L’accantonamento era stato effettuato in via prudenziale a fini civilistici, in considerazione dell’andamento futuro dei contratti derivati posti in essere con le banche, della fattispecie IRS “Interest rate Swap”.

La società deduce di essersi avvalsa del Principio Contabile Nazionale del Consiglio dei Dottori Commercialisti n. 19, C VII, secondo il quale, per le operazioni fuori bilancio relative a contratti derivati su titoli, valute, tassi di interesse ed indici di borsa, devono applicarsi i medesimi criteri di valutazione stabiliti per le corrispondenti attività e passività di bilancio e che le perdite di valore rilevate alla fine dell’esercizio devono essere stanziate a conto economico e rilevate in apposito fondo del passivo di stato patrimoniale.

Secondo la ricorrente, la svalutazione di 800.000,00 Euro, operata con il bilancio al 31 dicembre 2004, era legittima, in quanto di importo inferiore alla differenza tra il valore dei contratti derivati al 31 dicembre 2003 e quello al 31 dicembre 2004, come prescritto dall’art. 112 T.U.I.R., comma 5, nella versione vigente ratione temporis.

La C.T.R., quindi, escludendo la deduzione dei componenti negativi derivati dalla valutazione di operazioni fuori bilancio, operata nel rispetto dei principi qualitativi e quantitativi imposti da tale ultima norma, avrebbe errato nel non rilevare che l’art. 107 T.U.I.R. ammette la possibilità di dedurre gli accantonamenti previsti dall’art. 112 T.U.I.R..

2.2. Il motivo è infondato e va rigettato.

2.3. La C.T.R., nella sentenza impugnata ha ritenuto che la fattispecie in esame fosse riconducibile alla disciplina dettata in tema di accantonamenti dagli artt. 105,106, e 107 T.U.I.R. e che l’accantonamento in oggetto fosse indeducibile, in base alla previsione dell’art. 107 T.U.I.R., comma 4, secondo cui “non sono ammesse deduzioni per accantonamenti diversi da quelli espressamente considerati dalle disposizioni del presente capo”.

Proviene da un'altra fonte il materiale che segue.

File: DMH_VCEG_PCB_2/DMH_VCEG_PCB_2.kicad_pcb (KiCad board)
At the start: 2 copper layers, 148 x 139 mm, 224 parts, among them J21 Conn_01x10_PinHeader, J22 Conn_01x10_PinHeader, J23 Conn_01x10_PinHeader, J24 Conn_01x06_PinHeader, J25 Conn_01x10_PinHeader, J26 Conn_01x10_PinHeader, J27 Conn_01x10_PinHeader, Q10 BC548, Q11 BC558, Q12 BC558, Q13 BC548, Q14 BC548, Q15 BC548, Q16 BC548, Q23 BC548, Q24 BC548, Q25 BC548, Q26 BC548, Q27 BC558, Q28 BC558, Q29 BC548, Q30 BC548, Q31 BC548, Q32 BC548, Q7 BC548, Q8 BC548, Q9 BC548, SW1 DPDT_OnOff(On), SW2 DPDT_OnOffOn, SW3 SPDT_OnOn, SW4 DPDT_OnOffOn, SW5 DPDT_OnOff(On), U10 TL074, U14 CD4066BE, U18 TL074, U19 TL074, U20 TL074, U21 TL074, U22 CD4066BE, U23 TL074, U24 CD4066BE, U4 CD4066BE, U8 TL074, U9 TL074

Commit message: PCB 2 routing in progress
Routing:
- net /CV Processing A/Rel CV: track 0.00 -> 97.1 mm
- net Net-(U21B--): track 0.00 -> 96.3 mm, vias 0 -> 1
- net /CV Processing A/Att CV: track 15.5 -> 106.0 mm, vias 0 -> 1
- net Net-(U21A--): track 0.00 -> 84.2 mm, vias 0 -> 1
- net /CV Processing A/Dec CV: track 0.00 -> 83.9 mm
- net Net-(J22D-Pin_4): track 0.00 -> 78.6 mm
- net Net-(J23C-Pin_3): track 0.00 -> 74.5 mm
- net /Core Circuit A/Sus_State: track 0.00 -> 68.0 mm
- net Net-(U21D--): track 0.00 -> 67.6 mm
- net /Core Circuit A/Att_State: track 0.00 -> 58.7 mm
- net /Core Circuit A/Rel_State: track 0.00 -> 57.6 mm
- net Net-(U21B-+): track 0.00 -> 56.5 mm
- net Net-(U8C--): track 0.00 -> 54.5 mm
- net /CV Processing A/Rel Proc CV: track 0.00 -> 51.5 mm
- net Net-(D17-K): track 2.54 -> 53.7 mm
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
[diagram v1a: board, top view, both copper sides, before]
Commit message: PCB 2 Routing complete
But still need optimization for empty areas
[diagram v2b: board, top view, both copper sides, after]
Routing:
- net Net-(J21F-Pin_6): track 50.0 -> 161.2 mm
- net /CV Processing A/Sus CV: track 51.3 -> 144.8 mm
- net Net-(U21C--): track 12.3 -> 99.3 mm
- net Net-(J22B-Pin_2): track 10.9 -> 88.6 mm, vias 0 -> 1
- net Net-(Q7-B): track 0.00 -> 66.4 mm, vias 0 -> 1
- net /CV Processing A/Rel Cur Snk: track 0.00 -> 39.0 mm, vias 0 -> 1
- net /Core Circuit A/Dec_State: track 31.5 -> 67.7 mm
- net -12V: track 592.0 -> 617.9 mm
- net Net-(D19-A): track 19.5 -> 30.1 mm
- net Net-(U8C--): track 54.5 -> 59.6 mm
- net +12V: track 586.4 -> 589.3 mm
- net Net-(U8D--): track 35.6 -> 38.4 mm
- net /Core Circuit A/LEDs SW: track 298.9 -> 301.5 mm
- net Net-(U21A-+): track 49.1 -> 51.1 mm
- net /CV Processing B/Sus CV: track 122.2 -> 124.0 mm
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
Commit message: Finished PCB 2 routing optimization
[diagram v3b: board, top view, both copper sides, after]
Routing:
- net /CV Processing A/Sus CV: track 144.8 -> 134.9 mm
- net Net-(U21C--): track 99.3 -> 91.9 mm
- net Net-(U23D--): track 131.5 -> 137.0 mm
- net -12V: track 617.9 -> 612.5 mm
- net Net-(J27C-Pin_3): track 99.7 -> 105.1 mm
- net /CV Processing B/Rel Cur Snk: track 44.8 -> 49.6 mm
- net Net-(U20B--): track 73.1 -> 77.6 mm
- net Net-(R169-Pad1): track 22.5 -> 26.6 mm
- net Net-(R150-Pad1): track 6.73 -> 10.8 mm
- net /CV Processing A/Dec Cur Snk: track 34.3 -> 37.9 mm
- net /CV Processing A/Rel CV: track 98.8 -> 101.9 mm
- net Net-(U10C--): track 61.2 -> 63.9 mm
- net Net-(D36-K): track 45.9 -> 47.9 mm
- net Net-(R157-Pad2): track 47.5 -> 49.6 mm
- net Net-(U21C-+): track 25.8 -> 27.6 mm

Secondo la ricorrente, la C.T.R. avrebbe male interpretato gli articoli suddetti, escludendo l’applicabilità dell’art. 112 T.U.I.R. alla fattispecie in esame e la deducibilità degli accantonamenti riferibili alle operazioni fuori bilancio, previste da tale ultima norma.

Deve, però, rilevarsi che nel caso di specie è pacifico che l’avviso di accertamento oggetto di impugnazione contestava alla società contribuente l’indeducibilità per l’anno di imposta 2004 dell’accantonamento dei fondi rischi futuri di Euro 800.000,00.

L’accantonamento era stato effettuato dalla società in via prudenziale a fini civilistici, in considerazione dell’andamento futuro dei contratti derivati posti in essere con le banche, della fattispecie IRS “Interest rate Swap”.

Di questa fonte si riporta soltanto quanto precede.